“Avellino l’unica anti Milano del campionato, mercoledì match da brividi..”

“Avellino l’unica anti Milano del campionato, mercoledì match da brividi..”

De Raffaele (Reyer Venezia): “Pargo ha quella leadership che ci mancava”

Rincorsa è il sostantivo che ha accompagnato in questa stagione l’Umana Reyer Venezia. Dal ruolo di corazzata candidata al ruolo di anti Milano insieme a Reggio Emilia e Sassari, i lagunari hanno dovuto fare i conti con una annata segnata dai continui infortuni (da Peric ad Owens passando per Goss ultimo in ordine di tempo). I due  recenti successi conquistati hanno calmato le agitate acque in cui stava navigando il team del patron (e primo cittadino) Brugnaro. Contro la Sidigas la Reyer mercoledì si gioca la possibilità di conquistare il quinto posto in classifica. Per Walter De Raffaele, subentrato a Carlo Recalcati lo scorso febbraio, si tratterebbe di una vera e propria vittoria.

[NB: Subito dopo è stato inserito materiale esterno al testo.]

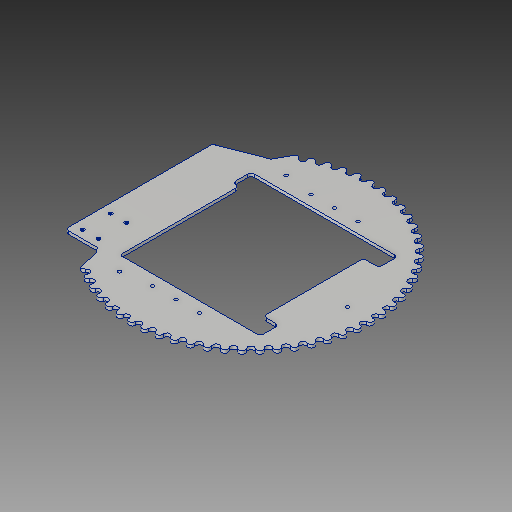
# Autodesk Inventor part: Bearing Plate
Saved by Autodesk Inventor 2019.4 (Build 234330000, 330)
## iProperties
Created: 2020-01-22
Part Number: Bearing Plate
Material: Aluminum 6061
Document SubType Name: Modeling
Designer: admin
Density: 2.7 g/cm^3
Appearance: Aluminum - Flat
Mass: 922.466 g
Surface Area: 1512.08 cm^2
Volume: 341.654 cm^3
Author: admin
Autodesk Inventor part; units mm, degrees
ref_plane "YZ Plane" through (0, 0, 0) normal (1, 0, 0) x (0, 1, 0)
ref_plane "XZ Plane" through (0, 0, 0) normal (0, 1, 0) x (-1, 0, 0)
ref_plane "XY Plane" through (0, 0, 0) normal (0, 0, 1) x (1, 0, 0)
sketch "Sketch1" plane through (0, 0, 0) normal (0, 1, 0) x (-1, 0, 0)
  arc A0 (63.1453, -163.2105) -> (129.2323, 118) centre (0, 0) ccw construction
  circle A1 centre (0, 0) radius 101.6 construction
  line L0 (-100.2, 110.3) -> (100.2, 110.3)
  line L1 (100.2, 110.3) -> (100.2, -110.3)
  line L2 (100.2, -110.3) -> (-100.2, -110.3)
  line L3 (-100.2, -110.3) -> (-100.2, 110.3)
  line L4 (-100.2, 110.3) -> (100.2, -110.3) construction
  line L5 (100.2, 110.3) -> (-100.2, -110.3) construction
  line L6 (180, 118) -> (180, -118)
  line L7 (180, -118) -> (63.1453, -163.2105)
  line L8 (180, 0) -> (0, 0)
  line L9 (180, 118) -> (129.2323, 118)
  arc A2 (129.2323, 118) -> (63.1453, -163.2105) centre (0, 0) ccw
  dimension "d0" = 350
  dimension "d1" = 203.2
  dimension "d4" = 220.6
  dimension "d5" = 200.4
  dimension "d6" = 180
  dimension "d7" = 118
  constraints: 20 end point, 4 point on circle, 3 centre point, 3 midpoint, 2 coincident, 2 horizontal, 2 parallel, 2 perpendicular, 1 tangent, 1 vertical
  measures "d0" diameter of A0
  measures "d1" diameter of A1
  measures "d4" distance of L2.end L0.start
  measures "d5" distance of L0.start L0.end
  measures "d6" distance from line of point (0, 0) L6
  measures "d7" distance from line of point (0, 0) L9
extrude "Extrusion1" add sketch "Sketch1" along normal blind 5
sketch "Sketch2" plane through (0, 0, 0) normal (0, -1, 0) x (1, 0, 0)
  circle A0 centre (-165.208, 60.275) radius 2.0193 construction
  circle A1 centre (-165.208, 105.1064) radius 2.0193 construction
  circle A2 centre (-139.808, 105.1064) radius 2.0193 construction
  circle A3 centre (-139.808, 60.275) radius 2.0193 construction
  circle A4 centre (-165.208, 105.1064) radius 3
  circle A5 centre (-139.808, 105.1064) radius 3
  circle A6 centre (-139.808, 60.275) radius 3
  circle A7 centre (-165.208, 60.275) radius 3
  point P0 (0, 0)
  dimension "d75" = 6
  dimension "d76" = 6
  dimension "d77" = 6
  dimension "d78" = 6
  constraints: 4 centre point, 4 coincident
  measures "d75" diameter of A4
  measures "d76" diameter of A5
  measures "d77" diameter of A6
  measures "d78" diameter of A7
extrude "Extrusion2" cut sketch "Sketch2" against normal through all
chamfer "Chamfer1" distance 3 angle 45 4 edges at (-168.208, 0, 60.275) (-142.808, 0, 60.275) (-142.808, 0, 105.1064) (-168.208, 0, 105.1064)
sketch "Sketch3" plane through (0, 5, 0) normal (0, 1, 0) x (1, 0, 0)
  line L0 (154.73, 0) -> (-77.365, -134.0001) construction
  line L1 (-77.365, -134.0001) -> (-77.365, 134.0001) construction
  line L2 (-77.365, 134.0001) -> (154.73, 0) construction
  circle A0 centre (-77.365, 134.0001) radius 2.75
  circle A1 centre (-77.365, -134.0001) radius 2.75
  circle A2 centre (154.73, 0) radius 2.75
  point P0 (0, 0)
  point P1 (0, 0)
  dimension "d17" = 268.0002
  dimension "d18" = 5.5
  dimension "d19" = 5.5
  dimension "d20" = 5.5
  dimension "d23" = 154.73
  constraints: 6 end point, 4 coincident, 3 centre point, 1 vertical, 7 other
  measures "d17" distance of L1.end L0.start
  measures "d18" diameter of A0
  measures "d19" diameter of A1
  measures "d20" diameter of A2
  measures "d23" distance of A2.centre point (0, 0)
extrude "Extrusion3" cut sketch "Sketch3" against normal through all
sketch "Sketch4" plane through (0, 5, 0) normal (0, 1, 0) x (1, 0, 0)
  circle A0 centre (0, 0) radius 191.0078 construction
  arc A1 (190.8769, -4.9983) -> (190.3537, -14.9812) centre (190.746, -9.9966) ccw
  arc A2 (190.746, -9.9966) -> (201.0078, 0) centre (191.0078, 0) ccw
  arc A3 (199.9066, -21.011) -> (190.746, -9.9966) centre (189.9614, -19.9657) ccw
  line L0 (0, 0) -> (199.9066, -21.011) construction
  arc A4 (189.3088, -24.923) -> (193.6558, -29.9343) centre (188.6561, -29.8802) ccw construction
  line L1 (0, 0) -> (201.0078, 0)
  arc A5 (195.7441, 9.8581) -> (190.8769, 4.9983) centre (190.746, 9.9966) ccw construction
  arc A6 (189.3088, -24.923) -> (190.3537, -14.9812) centre (189.9614, -19.9657) ccw
  arc A7 (190.8769, -4.9983) -> (190.8769, 4.9983) centre (191.0078, 0) ccw
  arc A8 (-129.2323, -118) -> (-63.1453, 163.2105) centre (0, 0) ccw projected
  line L2 (196.0078, 0) -> (175, 0)
  line L3 (194.934, -20.4884) -> (174.0413, -18.2925)
  arc A9 (201.0078, 0) -> (190.746, 9.9966) centre (191.0078, 0) ccw
  arc A10 (190.746, 9.9966) -> (199.9066, 21.011) centre (189.9614, 19.9657) ccw
  arc A11 (199.9066, 21.011) -> (188.6561, 29.8802) centre (189.9614, 19.9657) ccw
  arc A12 (188.6561, 29.8802) -> (196.6152, 41.7919) centre (186.8338, 39.7127) ccw
  arc A13 (196.6152, 41.7919) -> (184.4993, 49.4364) centre (186.8338, 39.7127) ccw
  arc A14 (184.4993, 49.4364) -> (191.1697, 62.1148) centre (181.6592, 59.0246) ccw
  arc A15 (191.1697, 62.1148) -> (178.3211, 68.4511) centre (181.6592, 59.0246) ccw
  arc A16 (178.3211, 68.4511) -> (183.6297, 81.7572) centre (174.4943, 77.6899) ccw
  arc A17 (183.6297, 81.7572) -> (170.1892, 86.7157) centre (174.4943, 77.6899) ccw
  arc A18 (170.1892, 86.7157) -> (174.0778, 100.5039) centre (165.4176, 95.5039) ccw
  arc A19 (174.0778, 100.5039) -> (160.1926, 104.0303) centre (165.4176, 95.5039) ccw
  arc A20 (160.1926, 104.0303) -> (162.6187, 118.1494) centre (154.5285, 112.2715) ccw
  arc A21 (162.6187, 118.1494) -> (148.4409, 120.2051) centre (154.5285, 112.2715) ccw
  arc A22 (148.4409, 120.2051) -> (149.3779, 134.5004) centre (141.9464, 127.8091) ccw
  arc A23 (149.3779, 134.5004) -> (135.0629, 135.0629) centre (141.9464, 127.8091) ccw
  arc A24 (135.0629, 135.0629) -> (134.5004, 149.3779) centre (127.8091, 141.9464) ccw
  arc A25 (134.5004, 149.3779) -> (120.2051, 148.4409) centre (127.8091, 141.9464) ccw
  arc A26 (120.2051, 148.4409) -> (118.1494, 162.6187) centre (112.2715, 154.5285) ccw
  arc A27 (118.1494, 162.6187) -> (104.0303, 160.1926) centre (112.2715, 154.5285) ccw
  arc A28 (104.0303, 160.1926) -> (100.5039, 174.0778) centre (95.5039, 165.4176) ccw
  arc A29 (100.5039, 174.0778) -> (86.7157, 170.1892) centre (95.5039, 165.4176) ccw
  arc A30 (86.7157, 170.1892) -> (81.7572, 183.6297) centre (77.6899, 174.4943) ccw
  arc A31 (81.7572, 183.6297) -> (68.4511, 178.3211) centre (77.6899, 174.4943) ccw
  arc A32 (68.4511, 178.3211) -> (62.1148, 191.1697) centre (59.0246, 181.6592) ccw
  arc A33 (62.1148, 191.1697) -> (49.4364, 184.4993) centre (59.0246, 181.6592) ccw
  arc A34 (49.4364, 184.4993) -> (41.7919, 196.6152) centre (39.7127, 186.8338) ccw
  arc A35 (41.7919, 196.6152) -> (29.8802, 188.6561) centre (39.7127, 186.8338) ccw
  arc A36 (29.8802, 188.6561) -> (21.011, 199.9066) centre (19.9657, 189.9614) ccw
  arc A37 (21.011, 199.9066) -> (9.9966, 190.746) centre (19.9657, 189.9614) ccw
  arc A38 (9.9966, 190.746) -> (0, 201.0078) centre (0, 191.0078) ccw
  arc A39 (0, 201.0078) -> (-9.9966, 190.746) centre (0, 191.0078) ccw
  arc A40 (-9.9966, 190.746) -> (-21.011, 199.9066) centre (-19.9657, 189.9614) ccw
  arc A41 (-21.011, 199.9066) -> (-29.8802, 188.6561) centre (-19.9657, 189.9614) ccw
  arc A42 (-29.8802, 188.6561) -> (-41.7919, 196.6152) centre (-39.7127, 186.8338) ccw
  arc A43 (-41.7919, 196.6152) -> (-49.4364, 184.4993) centre (-39.7127, 186.8338) ccw
  arc A44 (-49.4364, 184.4993) -> (-62.1148, 191.1697) centre (-59.0246, 181.6592) ccw
  arc A45 (-62.1148, 191.1697) -> (-68.4511, 178.3211) centre (-59.0246, 181.6592) ccw
  arc A46 (-68.4511, 178.3211) -> (-81.7572, 183.6297) centre (-77.6899, 174.4943) ccw
  arc A47 (-81.7572, 183.6297) -> (-86.7157, 170.1892) centre (-77.6899, 174.4943) ccw
  arc A48 (-86.7157, 170.1892) -> (-100.5039, 174.0778) centre (-95.5039, 165.4176) ccw
  arc A49 (196.3819, -42.8749) -> (188.4886, -30.9195) centre (186.6121, -40.7419) ccw
  arc A50 (188.4886, -30.9195) -> (199.7878, -22.1125) centre (189.8485, -21.0124) ccw
  arc A51 (190.4734, -64.2183) -> (183.9432, -51.4672) centre (180.9975, -61.0235) ccw
  arc A52 (183.9432, -51.4672) -> (196.1426, -43.9566) centre (186.3847, -41.7698) ccw
  arc A53 (182.2528, -84.7822) -> (177.165, -71.39) centre (173.1859, -80.5643) ccw
  arc A54 (177.165, -71.39) -> (190.1166, -65.2671) centre (180.6584, -62.0201) ccw
  arc A55 (171.82, -104.3169) -> (168.2362, -90.4464) centre (163.272, -99.1272) ccw
  arc A56 (168.2362, -90.4464) -> (181.7828, -85.7854) centre (172.7392, -81.5176) ccw
  arc A57 (159.3014, -122.5854) -> (157.2653, -108.4048) centre (151.3763, -116.4868) ccw
  arc A58 (157.2653, -108.4048) -> (171.2424, -105.2623) centre (162.7232, -100.0256) ccw
  arc A59 (144.8492, -139.3658) -> (144.3854, -125.0473) centre (137.643, -132.4325) ccw
  arc A60 (144.3854, -125.0473) -> (158.6234, -123.4615) centre (150.732, -117.3194) ccw
  arc A61 (128.6386, -154.4546) -> (129.7528, -140.1719) centre (122.239, -146.7706) ccw
  arc A62 (129.7528, -140.1719) -> (144.0788, -140.1621) centre (136.911, -133.1891) ccw
  arc A63 (110.8666, -167.6685) -> (113.5452, -153.5951) centre (105.3511, -159.3271) ccw
  arc A64 (113.5452, -153.5951) -> (127.7854, -155.1612) centre (121.4282, -147.4421) ccw
  arc A65 (91.7488, -178.8471) -> (95.9594, -165.1537) centre (87.1844, -169.9495) ccw
  arc A66 (95.9594, -165.1537) -> (109.9408, -168.277) centre (104.4713, -159.9053) ccw
  arc A67 (71.5173, -187.8547) -> (77.2087, -174.7077) centre (67.9594, -178.5091) ccw
  arc A68 (77.2087, -174.7077) -> (90.7617, -179.35) centre (86.2464, -170.4275) ccw
  arc A69 (50.4177, -194.582) -> (57.5208, -182.1409) centre (47.9095, -184.9017) ccw
  arc A70 (57.5208, -182.1409) -> (70.4809, -188.246) centre (66.9745, -178.8809) ccw
  arc A71 (28.7061, -198.9474) -> (37.1347, -187.3632) centre (27.278, -189.0499) ccw
  arc A72 (37.1347, -187.3632) -> (49.3445, -194.857) centre (46.8896, -185.163) ccw
  arc A73 (6.646, -200.8979) -> (16.2978, -190.3112) centre (6.3154, -190.9033) ccw
  arc A74 (16.2978, -190.3112) -> (27.6091, -199.1026) centre (26.2356, -189.1974) ccw
  arc A75 (-15.4948, -200.4097) -> (-4.7369, -190.949) centre (-14.7239, -190.4394) ccw
  arc A76 (-4.7369, -190.949) -> (5.5386, -200.9314) centre (5.2631, -190.9352) ccw
  arc A77 (-37.4474, -197.4887) -> (-25.7141, -189.269) centre (-35.5844, -187.6638) ccw
  arc A78 (-25.7141, -189.269) -> (-16.5991, -200.3212) centre (-15.7733, -190.3554) ccw
  arc A79 (-58.9455, -192.1706) -> (-46.3792, -185.2915) centre (-56.013, -182.6102) ccw
  arc A80 (-46.3792, -185.2915) -> (-38.5353, -197.2794) centre (-36.6182, -187.4648) ccw
  arc A81 (-79.7281, -184.5198) -> (-66.4813, -179.0648) centre (-75.7617, -175.34) ccw
  arc A82 (-66.4813, -179.0648) -> (-60.0038, -191.8428) centre (-57.0186, -182.2988) ccw
  arc A83 (-99.5429, -174.6291) -> (-85.7764, -170.6645) centre (-94.5907, -165.9414) ccw
  arc A84 (-85.7764, -170.6645) -> (-80.7439, -184.0775) centre (-76.7269, -174.9198) ccw
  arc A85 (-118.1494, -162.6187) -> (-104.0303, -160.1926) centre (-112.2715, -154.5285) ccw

«Giocheremo contro una eccellente squadra. Temo tantissimo la fisicità e la loro compattezza. Sarò ripetitivo nel dire che sono loro la vera avversaria di Milano. Mercoledì partiranno col favore dei pronostici. Avere in squadra gente come Nunnally o poter alternare due registi come Ragland e Green fa comodo a tanti allenatori. Avellino merita gran rispetto per quanto sta facendo». E’ il pensiero del tecnico dei veneziani che abbiamo contattato nel secondo fine settimana del campionato in cui non si giocheranno gare di campionato (Varese domani alle 20:30 giocherà la finalissima per il titolo di Fiba Europe Cup).

Riscatto è la parola che sta accompagnando in queste settimane il cammino degli orogranata: «Gli infortuni non ci hanno lasciato tregua. Oltre Peric ed Owens, abbiamo avuto quelli di Goss ed un Ress non al 100 % della forma. Gli innesti sono arrivati col fine di dover sostituire e non rinforzare».

L’impatto di Pargo: «Jeremy attacca il canestro sistematicamente e sa prendersi tiri anche se marcato: ha grande personalità».

Bilancio per De Raffaele alla guida della Reyer in sostituzione di coach Recalcati: «Ho preso la squadra a febbraio in una situazione difficilissima. La prima operazione è stato tener compatto un gruppo con tanti validissimi elementi. Non era scontato risalire la china. Credo che andare ai playoff sia un ottimo traguardo anche perché non dobbiamo dimenticare che siamo usciti fuori dalla griglia per un periodo. Poter lottare per il quinto posto è un gran stimolo per noi».

Sorpresa Stefano Tonut: «Avere un giovane italiano e di gran prospettiva suona sempre come una buona notizia. E’ stato bravo a ritagliarsi il suo spazio. Ha davanti a sè ancora tanta strada da fare ma siamo soddisfatti per come si sta comportando».